Fuzzing requires feedback on which code paths are executed to be effective. But for closed-source software, researchers typically use QEMU-mode in AFL. QEMU translates instructions dynamically, resulting in slow execution speeds (often 2-10x slower than native).

Flicker could inject coverage instrumentation (updating a shared memory bitmap on branch targets) directly into the binary at load time. This would allow closed-source binaries to be fuzzed at near-native speeds, significantly increasing the number of test cases run per second.

Software Shadow Stacks

Return-Oriented Programming (ROP) attacks exploit buffer overflows to overwrite return addresses on the stack.
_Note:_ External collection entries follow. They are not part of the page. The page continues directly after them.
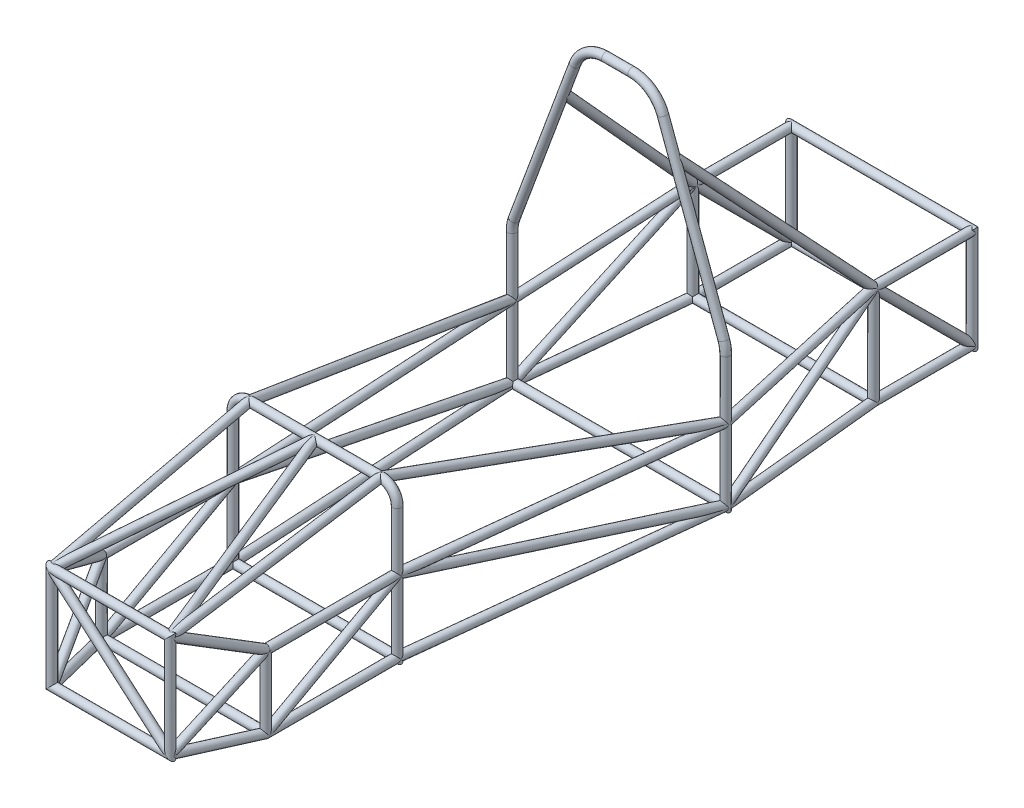
from build123d import *

# Parameters (mm, degrees)
SKETCH13_R                             = 12.7
SKETCH13_R_2                           = 10.3
PIPE_MAIN_HOOP_1_DEPTH                 = 418.960512242
SKETCH13_ON_SEGMENT_2_R                = 12.7
SKETCH13_ON_SEGMENT_2_R_2              = 10.3
PIPE_MAIN_HOOP_1_2_DEPTH               = 687.921024484
SKETCH13_ON_SEGMENT_3_R                = 12.7
SKETCH13_ON_SEGMENT_3_R_2              = 10.3
PIPE_MAIN_HOOP_1_3_DEPTH               = 418.960512242
SKETCH13_ON_SEGMENT_4_R                = 12.7
SKETCH13_ON_SEGMENT_4_R_2              = 10.3
PIPE_MAIN_HOOP_1_4_ANGLE               = 20.30447371
SKETCH13_ON_SEGMENT_5_R                = 12.7
SKETCH13_ON_SEGMENT_5_R_2              = 10.3
PIPE_MAIN_HOOP_1_5_DEPTH               = 533.127564472
SKETCH13_ON_SEGMENT_6_R                = 12.7
SKETCH13_ON_SEGMENT_6_R_2              = 10.3
PIPE_MAIN_HOOP_1_6_ANGLE               = 69.69552629
SKETCH13_ON_SEGMENT_7_R                = 12.7
SKETCH13_ON_SEGMENT_7_R_2              = 10.3
PIPE_MAIN_HOOP_1_7_DEPTH               = 80
SKETCH13_ON_SEGMENT_8_R                = 12.7
SKETCH13_ON_SEGMENT_8_R_2              = 10.3
PIPE_MAIN_HOOP_1_8_ANGLE               = 69.69552629
SKETCH13_ON_SEGMENT_9_R                = 12.7
SKETCH13_ON_SEGMENT_9_R_2              = 10.3
PIPE_MAIN_HOOP_1_9_DEPTH               = 533.127564472
SKETCH13_ON_SEGMENT_10_R               = 12.7
SKETCH13_ON_SEGMENT_10_R_2             = 10.3
PIPE_MAIN_HOOP_1_10_ANGLE              = 20.30447371
PIPE_MAIN_HOOP_2_DEPTH                 = 400
PIPE_MAIN_HOOP_2_DEPTH_BACK            = 18.960512242
SKETCH14_R                             = 12.7
SKETCH14_R_2                           = 10.3
SKETCH14_ON_SEGMENT_2_R                = 12.7
SKETCH14_ON_SEGMENT_2_R_2              = 10.3
PIPE_MAIN_HOOP_2_2_ANGLE               = 90
SKETCH14_ON_SEGMENT_3_R                = 12.7
SKETCH14_ON_SEGMENT_3_R_2              = 10.3
PIPE_MAIN_HOOP_2_3_DEPTH               = 400
SKETCH14_ON_SEGMENT_4_R                = 12.7
SKETCH14_ON_SEGMENT_4_R_2              = 10.3
PIPE_MAIN_HOOP_2_4_ANGLE               = 90
SKETCH14_ON_SEGMENT_5_R                = 12.7
SKETCH14_ON_SEGMENT_5_R_2              = 10.3
PIPE_MAIN_HOOP_2_5_DEPTH               = 418.960512242
SKETCH14_ON_SEGMENT_6_R                = 12.7
SKETCH14_ON_SEGMENT_6_R_2              = 10.3
PIPE_MAIN_HOOP_2_6_DEPTH               = 537.921024484
PIPE_SECONDARY_PROFILE_1_DEPTH         = 328.960512242
PIPE_SECONDARY_PROFILE_1_DEPTH_BACK    = 18.960512242
SKETCH16_R                             = 12.7
SKETCH16_R_2                           = 11.05
SKETCH16_ON_SEGMENT_2_R                = 12.7
SKETCH16_ON_SEGMENT_2_R_2              = 11.05
PIPE_SECONDARY_PROFILE_1_2_DEPTH       = 397.921024484
SKETCH16_ON_SEGMENT_3_R                = 12.7
SKETCH16_ON_SEGMENT_3_R_2              = 11.05
PIPE_SECONDARY_PROFILE_1_3_DEPTH       = 347.921024484
SKETCH16_ON_SEGMENT_4_R                = 12.7
SKETCH16_ON_SEGMENT_4_R_2              = 11.05
PIPE_SECONDARY_PROFILE_1_4_DEPTH       = 397.921024484
SKETCH17_R                             = 12.7
SKETCH17_R_2                           = 11.05
PIPE_SECONDARY_PROFILE_2_DEPTH         = 905.538513814
SKETCH17_ON_SEGMENT_2_R                = 12.7
SKETCH17_ON_SEGMENT_2_R_2              = 11.05
PIPE_SECONDARY_PROFILE_2_2_DEPTH       = 905.538513814
SKETCH18_R                             = 12.7
SKETCH18_R_2                           = 11.05
PIPE_SECONDARY_PROFILE_3_DEPTH         = 931.879820578
SKETCH19_R                             = 12.7
SKETCH19_R_2                           = 11.05
PIPE_SECONDARY_PROFILE_4_DEPTH         = 901.387818866
SKETCH19_ON_SEGMENT_2_R                = 12.7
SKETCH19_ON_SEGMENT_2_R_2              = 11.05
PIPE_SECONDARY_PROFILE_4_2_DEPTH       = 901.387818866
SKETCH110_R                            = 12.7
SKETCH110_R_2                          = 11.05
PIPE_SECONDARY_PROFILE_5_DEPTH         = 927.846970141
SKETCH112_R                            = 12.7
SKETCH112_R_2                          = 11.5
PIPE_TERTIARY_PROFILE_1_DEPTH          = 688.812020801
SKETCH112_ON_SEGMENT_2_R               = 12.7
SKETCH112_ON_SEGMENT_2_R_2             = 11.5
PIPE_TERTIARY_PROFILE_1_2_DEPTH        = 673.484966425
SKETCH114_R                            = 12.7
SKETCH114_R_2                          = 11.05
PIPE_SECONDARY_PROFILE_6_DEPTH         = 661.275109532
SKETCH114_ON_SEGMENT_2_R               = 12.7
SKETCH114_ON_SEGMENT_2_R_2             = 11.05
PIPE_SECONDARY_PROFILE_6_2_DEPTH       = 945.831277028
SKETCH115_R                            = 12.7
SKETCH115_R_2                          = 11.05
PIPE_SECONDARY_PROFILE_7_DEPTH         = 662.70396213
SKETCH115_ON_SEGMENT_2_R               = 12.7
SKETCH115_ON_SEGMENT_2_R_2             = 11.05
PIPE_SECONDARY_PROFILE_7_2_DEPTH       = 938.829504651
SKETCH116_R                            = 12.7
SKETCH116_R_2                          = 11.05
PIPE_SECONDARY_PROFILE_8_DEPTH         = 261.29359767
SKETCH116_ON_SEGMENT_2_R               = 12.7
SKETCH116_ON_SEGMENT_2_R_2             = 11.05
PIPE_SECONDARY_PROFILE_8_2_DEPTH       = 403.258716307
SKETCH117_ON_SEGMENT_1_R               = 12.7
SKETCH117_ON_SEGMENT_1_R_2             = 11.05
PIPE_SECONDARY_PROFILE_10_DEPTH        = 404.791138609
PIPE_SECONDARY_PROFILE_10_2_DEPTH      = 273.316666159
PIPE_SECONDARY_PROFILE_10_2_DEPTH_BACK = 4.791138609
SKETCH117_R                            = 12.7
SKETCH117_R_2                          = 11.05
SKETCH118_R                            = 12.7
SKETCH118_R_2                          = 11.05
PIPE_SECONDARY_PROFILE_11_DEPTH        = 325.89727493
SKETCH118_ON_SEGMENT_2_R               = 12.7
SKETCH118_ON_SEGMENT_2_R_2             = 11.05
PIPE_SECONDARY_PROFILE_11_2_DEPTH      = 407.24072
SKETCH119_ON_SEGMENT_1_R               = 12.7
SKETCH119_ON_SEGMENT_1_R_2             = 11.05
PIPE_SECONDARY_PROFILE_12_DEPTH        = 406.683960994
PIPE_SECONDARY_PROFILE_12_2_DEPTH      = 305.650126779
PIPE_SECONDARY_PROFILE_12_2_DEPTH_BACK = 6.683960994
SKETCH119_R                            = 12.7
SKETCH119_R_2                          = 11.05
SKETCH121_R                            = 12.7
SKETCH121_R_2                          = 11.5
PIPE_TERTIARY_PROFILE_3_DEPTH          = 475.078940809
SKETCH124_R                            = 12.7
SKETCH124_R_2                          = 11.05
PIPE_SECONDARY_PROFILE_14_DEPTH        = 500
SKETCH126_R                            = 12.7
SKETCH126_R_2                          = 11.5
PIPE_TERTIARY_PROFILE_4_DEPTH          = 456.508488421
SKETCH127_R                            = 12.7
SKETCH127_R_2                          = 11.5
PIPE_TERTIARY_PROFILE_5_DEPTH          = 456.508488421
SKETCH129_R                            = 12.7
SKETCH129_R_2                          = 11.05
PIPE_SECONDARY_PROFILE_15_DEPTH        = 231.933823609
SKETCH129_ON_SEGMENT_2_R               = 12.7
SKETCH129_ON_SEGMENT_2_R_2             = 11.05
PIPE_SECONDARY_PROFILE_15_2_DEPTH      = 314.625085458
SKETCH130_R                            = 12.7
SKETCH130_R_2                          = 11.05
PIPE_SECONDARY_PROFILE_16_DEPTH        = 231.63191628
SKETCH130_ON_SEGMENT_2_R               = 12.7
SKETCH130_ON_SEGMENT_2_R_2             = 11.05
PIPE_SECONDARY_PROFILE_16_2_DEPTH      = 300.599042438
PIPE_SECONDARY_PROFILE_20_DEPTH        = 568.960512242
PIPE_SECONDARY_PROFILE_20_DEPTH_BACK   = 18.960512242
SKETCH135_R                            = 12.7
SKETCH135_R_2                          = 11.05
SKETCH135_ON_SEGMENT_2_R               = 12.7
SKETCH135_ON_SEGMENT_2_R_2             = 11.05
PIPE_SECONDARY_PROFILE_20_2_DEPTH      = 337.921024484
SKETCH135_ON_SEGMENT_3_R               = 12.7
SKETCH135_ON_SEGMENT_3_R_2             = 11.05
PIPE_SECONDARY_PROFILE_20_3_DEPTH      = 587.921024484
SKETCH135_ON_SEGMENT_4_R               = 12.7
SKETCH135_ON_SEGMENT_4_R_2             = 11.05
PIPE_SECONDARY_PROFILE_20_4_DEPTH      = 337.921024484
SKETCH136_ON_SEGMENT_1_R               = 12.7
SKETCH136_ON_SEGMENT_1_R_2             = 11.05
PIPE_SECONDARY_PROFILE_21_DEPTH        = 301.895791704
PIPE_SECONDARY_PROFILE_21_2_DEPTH      = 502.493781056
PIPE_SECONDARY_PROFILE_21_2_DEPTH_BACK = 1.895791704
SKETCH136_R                            = 12.7
SKETCH136_R_2                          = 11.05
SKETCH137_R                            = 12.7
SKETCH137_R_2                          = 11.05
PIPE_SECONDARY_PROFILE_22_DEPTH        = 504.38957276
SKETCH137_ON_SEGMENT_2_R               = 12.7
SKETCH137_ON_SEGMENT_2_R_2             = 11.05
PIPE_SECONDARY_PROFILE_22_2_DEPTH      = 301.895791704
SKETCH138_R                            = 12.7
SKETCH138_R_2                          = 11.05
PIPE_SECONDARY_PROFILE_23_DEPTH        = 511.50174318
SKETCH138_ON_SEGMENT_2_R               = 12.7
SKETCH138_ON_SEGMENT_2_R_2             = 11.05
PIPE_SECONDARY_PROFILE_23_2_DEPTH      = 302.679573851
SKETCH139_R                            = 12.7
SKETCH139_R_2                          = 11.05
PIPE_SECONDARY_PROFILE_24_DEPTH        = 511.50174318
SKETCH139_ON_SEGMENT_2_R               = 12.7
SKETCH139_ON_SEGMENT_2_R_2             = 11.05
PIPE_SECONDARY_PROFILE_24_2_DEPTH      = 302.679573851
SKETCH140_R                            = 12.7
SKETCH140_R_2                          = 11.05
PIPE_SECONDARY_PROFILE_25_DEPTH        = 300
SKETCH141_R                            = 12.7
SKETCH141_R_2                          = 11.05
PIPE_SECONDARY_PROFILE_26_DEPTH        = 300
SKETCH142_R                            = 12.7
SKETCH142_R_2                          = 11.05
PIPE_SECONDARY_PROFILE_27_DEPTH        = 743.554316585
SKETCH143_R                            = 12.7
SKETCH143_R_2                          = 11.05
PIPE_SECONDARY_PROFILE_28_DEPTH        = 743.554316585
SKETCH144_R                            = 12.7
SKETCH144_R_2                          = 11.05
PIPE_SECONDARY_PROFILE_29_DEPTH        = 550
SKETCH145_R                            = 12.7
SKETCH145_R_2                          = 11.05
PIPE_SECONDARY_PROFILE_30_DEPTH        = 424.264068712
SKETCH146_R                            = 12.7
SKETCH146_R_2                          = 11.05
PIPE_SECONDARY_PROFILE_31_DEPTH        = 585.234995536
SKETCH147_R                            = 12.7
SKETCH147_R_2                          = 11.05
PIPE_SECONDARY_PROFILE_32_DEPTH        = 424.264068712
SKETCH148_R                            = 12.7
SKETCH148_R_2                          = 11.05
PIPE_SECONDARY_PROFILE_33_DEPTH        = 585.234995536


with BuildPart() as part:
    # Sketch13 → Pipe MAIN HOOP(1) (new body)
    with BuildSketch(Plane(origin=(650, 400, 0), x_dir=(1, 0, 0), z_dir=(0, -1, 0))):
        Circle(SKETCH13_R)
        Circle(SKETCH13_R_2, mode=Mode.SUBTRACT)
    extrude(amount=PIPE_MAIN_HOOP_1_DEPTH)

    # Pipe MAIN HOOP(1) mitre 1
    split(bisect_by=Plane(origin=(650, 0, 0), x_dir=(-0.707106781, 0.707106781, 0), z_dir=(0.707106781, 0.707106781, 0)), keep=Keep.TOP)


with BuildPart() as body_2:
    # Sketch13 on segment 2 (carried to segment 2) → Pipe MAIN HOOP_1 2 (new body)
    with BuildSketch(Plane(origin=(668.960512242, 0, 0), x_dir=(0, -1, 0), z_dir=(-1, 0, 0))):
        Circle(SKETCH13_ON_SEGMENT_2_R)
        Circle(SKETCH13_ON_SEGMENT_2_R_2, mode=Mode.SUBTRACT)
    extrude(amount=PIPE_MAIN_HOOP_1_2_DEPTH)

    # Pipe MAIN HOOP_1 2 mitre 1
    split(bisect_by=Plane(origin=(650, 0, 0), x_dir=(0.707106781, -0.707106781, 0), z_dir=(-0.707106781, -0.707106781, 0)), keep=Keep.TOP)

    # Pipe MAIN HOOP_1 2 mitre 2
    split(bisect_by=Plane(origin=(0, 0, 0), x_dir=(0.707106781, 0.707106781, 0), z_dir=(0.707106781, -0.707106781, 0)), keep=Keep.TOP)


with BuildPart() as body_3:
    # Sketch13 on segment 3 (carried to segment 3) → Pipe MAIN HOOP_1 3 (new body)
    with BuildSketch(Plane(origin=(0, -18.960512242, 0), x_dir=(-1, 0, 0), z_dir=(0, 1, 0))):
        Circle(SKETCH13_ON_SEGMENT_3_R)
        Circle(SKETCH13_ON_SEGMENT_3_R_2, mode=Mode.SUBTRACT)
    extrude(amount=PIPE_MAIN_HOOP_1_3_DEPTH)

    # Pipe MAIN HOOP_1 3 mitre 1
    split(bisect_by=Plane(origin=(0, 0, 0), x_dir=(-0.707106781, -0.707106781, 0), z_dir=(-0.707106781, 0.707106781, 0)), keep=Keep.TOP)


with BuildPart() as body_4:
    # Sketch13 on segment 4 (carried to the start of arc 4) → Pipe MAIN HOOP_1 4 (revolve)
    with BuildSketch(Plane(origin=(0, 400, 0), x_dir=(-1, 0, 0), z_dir=(0, 1, 0))):
        Circle(SKETCH13_ON_SEGMENT_4_R)
        Circle(SKETCH13_ON_SEGMENT_4_R_2, mode=Mode.SUBTRACT)
    revolve(axis=Axis((100, 400, 0), (0, 0, -1)), revolution_arc=PIPE_MAIN_HOOP_1_4_ANGLE)


with BuildPart() as body_5:
    # Sketch13 on segment 5 (carried to segment 5) → Pipe MAIN HOOP_1 5 (new body)
    with BuildSketch(Plane(origin=(6.213815732, 434.700888179, 0), x_dir=(-0.937861843, 0.347008882, 0), z_dir=(0.347008882, 0.937861843, 0))):
        Circle(SKETCH13_ON_SEGMENT_5_R)
        Circle(SKETCH13_ON_SEGMENT_5_R_2, mode=Mode.SUBTRACT)
    extrude(amount=PIPE_MAIN_HOOP_1_5_DEPTH)


with BuildPart() as body_6:
    # Sketch13 on segment 6 (carried to the start of arc 6) → Pipe MAIN HOOP_1 6 (revolve)
    with BuildSketch(Plane(origin=(191.213815732, 934.700888179, 0), x_dir=(-0.937861843, 0.347008882, 0), z_dir=(0.347008882, 0.937861843, 0))):
        Circle(SKETCH13_ON_SEGMENT_6_R)
        Circle(SKETCH13_ON_SEGMENT_6_R_2, mode=Mode.SUBTRACT)
    revolve(axis=Axis((285, 900, 0), (0, 0, -1)), revolution_arc=PIPE_MAIN_HOOP_1_6_ANGLE)


with BuildPart() as body_7:
    # Sketch13 on segment 7 (carried to segment 7) → Pipe MAIN HOOP_1 7 (new body)
    with BuildSketch(Plane(origin=(285, 1000, 0), x_dir=(0, 1, 0), z_dir=(1, 0, 0))):
        Circle(SKETCH13_ON_SEGMENT_7_R)
        Circle(SKETCH13_ON_SEGMENT_7_R_2, mode=Mode.SUBTRACT)
    extrude(amount=PIPE_MAIN_HOOP_1_7_DEPTH)


with BuildPart() as body_8:
    # Sketch13 on segment 8 (carried to the start of arc 8) → Pipe MAIN HOOP_1 8 (revolve)
    with BuildSketch(Plane(origin=(365, 1000, 0), x_dir=(0, 1, 0), z_dir=(1, 0, 0))):
        Circle(SKETCH13_ON_SEGMENT_8_R)
        Circle(SKETCH13_ON_SEGMENT_8_R_2, mode=Mode.SUBTRACT)
    revolve(axis=Axis((365, 900, 0), (0, 0, -1)), revolution_arc=PIPE_MAIN_HOOP_1_8_ANGLE)


with BuildPart() as body_9:
    # Sketch13 on segment 9 (carried to segment 9) → Pipe MAIN HOOP_1 9 (new body)
    with BuildSketch(Plane(origin=(458.786184268, 934.700888179, 0), x_dir=(0.937861843, 0.347008882, 0), z_dir=(0.347008882, -0.937861843, 0))):
        Circle(SKETCH13_ON_SEGMENT_9_R)
        Circle(SKETCH13_ON_SEGMENT_9_R_2, mode=Mode.SUBTRACT)
    extrude(amount=PIPE_MAIN_HOOP_1_9_DEPTH)


with BuildPart() as body_10:
    # Sketch13 on segment 10 (carried to the start of arc 10) → Pipe MAIN HOOP_1 10 (revolve)
    with BuildSketch(Plane(origin=(643.786184268, 434.700888179, 0), x_dir=(0.937861843, 0.347008882, 0), z_dir=(0.347008882, -0.937861843, 0))):
        Circle(SKETCH13_ON_SEGMENT_10_R)
        Circle(SKETCH13_ON_SEGMENT_10_R_2, mode=Mode.SUBTRACT)
    revolve(axis=Axis((550, 400, 0), (0, 0, -1)), revolution_arc=PIPE_MAIN_HOOP_1_10_ANGLE)


with BuildPart() as body_11:
    # Sketch14 → Pipe MAIN HOOP(2) (new, two sides: drawn at the far end of the back side and taken through both)
    with BuildSketch(Plane(origin=(550, 0, 900), x_dir=(-1, 0, 0), z_dir=(0, 1, 0)).offset(-PIPE_MAIN_HOOP_2_DEPTH_BACK)):
        Circle(SKETCH14_R)
        Circle(SKETCH14_R_2, mode=Mode.SUBTRACT)
    extrude(amount=PIPE_MAIN_HOOP_2_DEPTH + PIPE_MAIN_HOOP_2_DEPTH_BACK)

    # Pipe MAIN HOOP(2) mitre 1
    split(bisect_by=Plane(origin=(550, 0, 900), x_dir=(-0.707106781, 0.707106781, 0), z_dir=(0.707106781, 0.707106781, 0)), keep=Keep.TOP)


with BuildPart() as body_12:
    # Sketch14 on segment 2 (carried to the start of arc 2) → Pipe MAIN HOOP_2 2 (revolve)
    with BuildSketch(Plane(origin=(550, 400, 900), x_dir=(-1, 0, 0), z_dir=(0, 1, 0))):
        Circle(SKETCH14_ON_SEGMENT_2_R)
        Circle(SKETCH14_ON_SEGMENT_2_R_2, mode=Mode.SUBTRACT)
    revolve(axis=Axis((500, 400, 900), (0, 0, 1)), revolution_arc=PIPE_MAIN_HOOP_2_2_ANGLE)


with BuildPart() as body_13:
    # Sketch14 on segment 3 (carried to segment 3) → Pipe MAIN HOOP_2 3 (new body)
    with BuildSketch(Plane(origin=(500, 450, 900), x_dir=(0, -1, 0), z_dir=(-1, 0, 0))):
        Circle(SKETCH14_ON_SEGMENT_3_R)
        Circle(SKETCH14_ON_SEGMENT_3_R_2, mode=Mode.SUBTRACT)
    extrude(amount=PIPE_MAIN_HOOP_2_3_DEPTH)


with BuildPart() as body_14:
    # Sketch14 on segment 4 (carried to the start of arc 4) → Pipe MAIN HOOP_2 4 (revolve)
    with BuildSketch(Plane(origin=(100, 450, 900), x_dir=(0, -1, 0), z_dir=(-1, 0, 0))):
        Circle(SKETCH14_ON_SEGMENT_4_R)
        Circle(SKETCH14_ON_SEGMENT_4_R_2, mode=Mode.SUBTRACT)
    revolve(axis=Axis((100, 400, 900), (0, 0, 1)), revolution_arc=PIPE_MAIN_HOOP_2_4_ANGLE)


with BuildPart() as body_15:
    # Sketch14 on segment 5 (carried to segment 5) → Pipe MAIN HOOP_2 5 (new body)
    with BuildSketch(Plane(origin=(50, 400, 900), x_dir=(1, 0, 0), z_dir=(0, -1, 0))):
        Circle(SKETCH14_ON_SEGMENT_5_R)
        Circle(SKETCH14_ON_SEGMENT_5_R_2, mode=Mode.SUBTRACT)
    extrude(amount=PIPE_MAIN_HOOP_2_5_DEPTH)

    # Pipe MAIN HOOP_2 5 mitre 1
    split(bisect_by=Plane(origin=(50, 0, 900), x_dir=(-0.707106781, -0.707106781, 0), z_dir=(-0.707106781, 0.707106781, 0)), keep=Keep.TOP)


with BuildPart() as body_16:
    # Sketch14 on segment 6 (carried to segment 6) → Pipe MAIN HOOP_2 6 (new body)
    with BuildSketch(Plane(origin=(31.039487758, 0, 900), x_dir=(0, 1, 0), z_dir=(1, 0, 0))):
        Circle(SKETCH14_ON_SEGMENT_6_R)
        Circle(SKETCH14_ON_SEGMENT_6_R_2, mode=Mode.SUBTRACT)
    extrude(amount=PIPE_MAIN_HOOP_2_6_DEPTH)

    # Pipe MAIN HOOP_2 6 mitre 1
    split(bisect_by=Plane(origin=(50, 0, 900), x_dir=(0.707106781, 0.707106781, 0), z_dir=(0.707106781, -0.707106781, 0)), keep=Keep.TOP)

    # Pipe MAIN HOOP_2 6 mitre 2
    split(bisect_by=Plane(origin=(550, 0, 900), x_dir=(0.707106781, -0.707106781, 0), z_dir=(-0.707106781, -0.707106781, 0)), keep=Keep.TOP)


with BuildPart() as body_17:
    # Sketch16 → Pipe SECONDARY PROFILE(1) (new, two sides: drawn at the far end of the back side and taken through both)
    with BuildSketch(Plane(origin=(509, 49, 1550), x_dir=(-1, 0, 0), z_dir=(0, 1, 0)).offset(-PIPE_SECONDARY_PROFILE_1_DEPTH_BACK)):
        Circle(SKETCH16_R)
        Circle(SKETCH16_R_2, mode=Mode.SUBTRACT)
    extrude(amount=PIPE_SECONDARY_PROFILE_1_DEPTH + PIPE_SECONDARY_PROFILE_1_DEPTH_BACK)

    # Pipe SECONDARY PROFILE(1) mitre 1
    split(bisect_by=Plane(origin=(509, 49, 1550), x_dir=(-0.707106781, 0.707106781, 0), z_dir=(0.707106781, 0.707106781, 0)), keep=Keep.TOP)

    # Pipe SECONDARY PROFILE(1) mitre 2
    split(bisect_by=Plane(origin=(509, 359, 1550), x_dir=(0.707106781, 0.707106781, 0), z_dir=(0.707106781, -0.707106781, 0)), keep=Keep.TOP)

Hardware enforcement (Intel CET/AMD Shadow Stack) requires modern CPUs (Intel 11th Gen+, Zen 3+) and recent kernels (Linux 6.6+). Older systems remain vulnerable.

Flicker could instrument CALL and RET instructions to implement a Software Shadow Stack. On CALL, the return address is pushed to a secure, isolated stack region. On RET, the address on the stack is compared against the shadow stack. If they mismatch, the program terminates, preventing ROP chains.

Binary-Only Address Sanitizer (ASan)

Memory safety errors (buffer overflows, use-after-free) in C/C++ are often found with ASan or Valgrind. ASan requires recompilation. Valgrind works on binaries but slows execution by 20x-50x, making it unusable for large datasets.

Flicker could intercept allocator calls (malloc/free) to poison "red zones" around memory and instrument memory access instructions to check these zones. This provides ASan-like capabilities for legacy binaries with significantly lower overhead than Valgrind.

Systems and Maintenance

Hardware Feature Emulation (Forward Compatibility)

HPC clusters are often heterogeneous, with older nodes lacking newer instruction sets (e.g., AVX-512, AMX). A binary compiled for a newer architecture will crash with SIGILL on an older node.

Flicker could detect these instructions and patch them to jump to a software emulation routine or a scalar fallback implementation. This allows binaries optimized for the latest hardware to run (albeit slower) on legacy nodes for testing or resource-filling purposes.

Fault Injection

To certify software for mission-critical environments, developers must verify how it handles hardware errors.

Flicker could instrument instructions to probabilistically flip bits in registers or memory ("Bit-flip injection"), or intercept syscalls to return error codes (e.g., returning ENOSPC on write). It can also simulate malfunctioning or intermittent devices by corrupting buffers returned by read. This allows testing error recovery paths without physical hardware damage.

Record/Replay Engine

Debugging non-deterministic bugs (race conditions) is difficult because they are hard to reproduce. By intercepting all sources of non-determinism (syscalls, rdtsc, atomic instructions, signals), Flicker could record a trace of an execution. This trace can be replayed later to force the exact same execution path, allowing developers to debug the error state interactively.